Some of the wounds Republicans are going to suffer here are self-inflicted. Democrats are crafting a lot of the “freedom” argument around the abortion issue. They will claim, I think plausibly, that the battle over reproductive care started with conservative efforts to use state power in a way they usually eschew, in this case to bar abortions. Of course, they’ll leave out more recent Democratic efforts to put medical authorities at the center of our lives during the Covid-years with expanded surveillance, censorship, and vaccine mandates, since making “freedom from disease” a “core aspirational right” is part of this new re-brand. “Mind your damn business” apparently only applies to certain medical procedures, not all of them.

Articles like “Democrats Lean Into Liberty and the Language of Republicansin the New York Times use sleight of hand to get to the main idea.
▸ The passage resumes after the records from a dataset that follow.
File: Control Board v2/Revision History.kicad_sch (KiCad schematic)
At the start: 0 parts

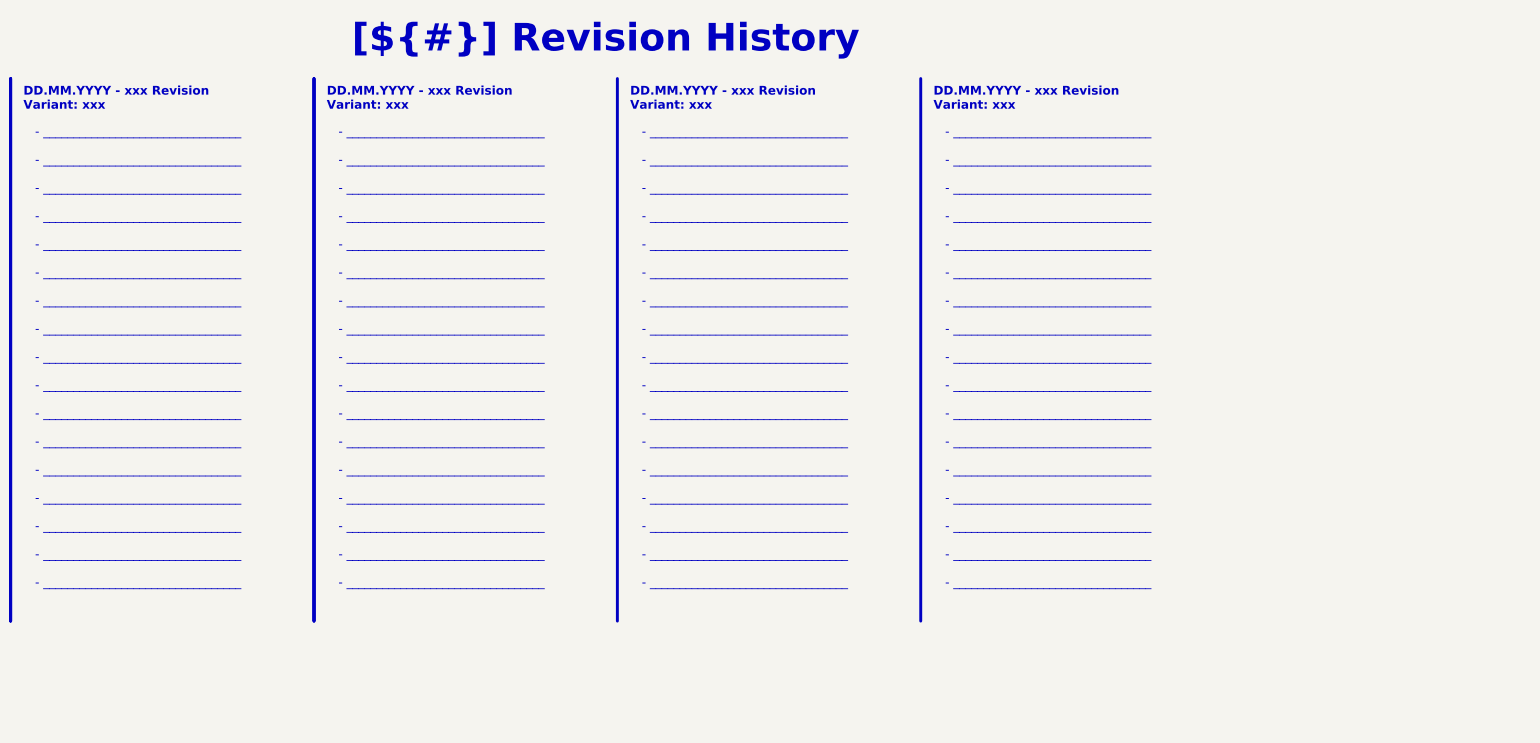
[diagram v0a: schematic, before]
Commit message: Finish preparing the template for v2 design
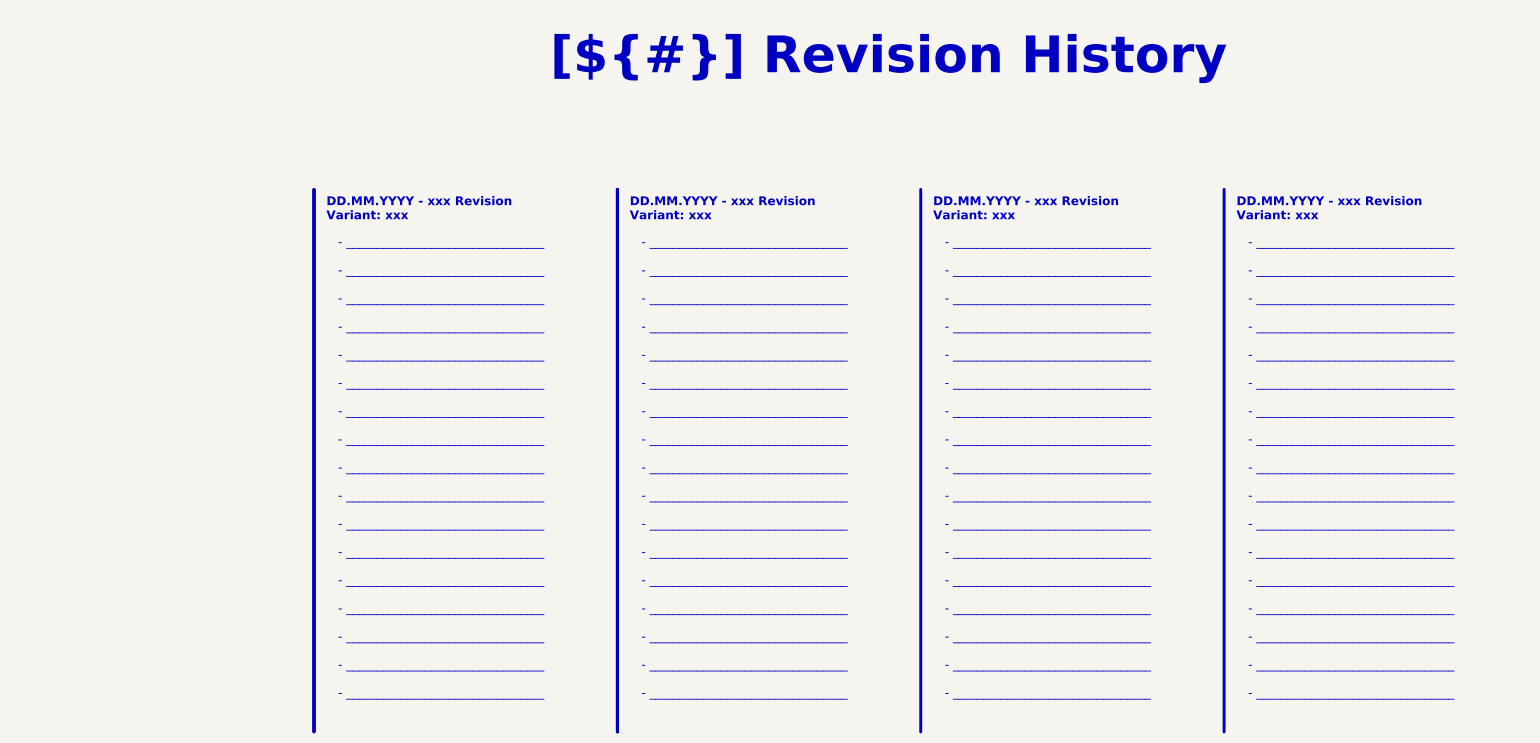
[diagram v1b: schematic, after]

That piece starts with the abortion issue but moves to the concept that “government has a major role to play in promoting the public good.” I can tell you right now what “freedoms” you’ll be offered under this flag: freedom from “chaos” (more policing), freedom from “misinformation” (censorship) freedom from “want” (command economics), freedom to “love who we want” (we have that already, but this will be the rallying cry for gender-identity lunacies), freedom from “fear and intimidation” (more surveillance of domestic threats), and so on.

In a political season filled with trivialities and stupidities like “the politics of joy,” this “freedom frame” is extremely consequential, and deadly serious. This is the whole ballgame, and we’ll hear more of it all week. The Constitution has been a boon to conservatives and liberals alike for centuries because it placed the natural rights of people above those of the state. This rebrand is claiming to add new individual rights under the guise of assuming new state powers. As Walter Kirn said last night, it places a collective vision above the traditional American emphasis on the individual. It’s not a small thing, even in terms of the change in attitudes on this front within the Democratic Party. Beware the “freedom frame.”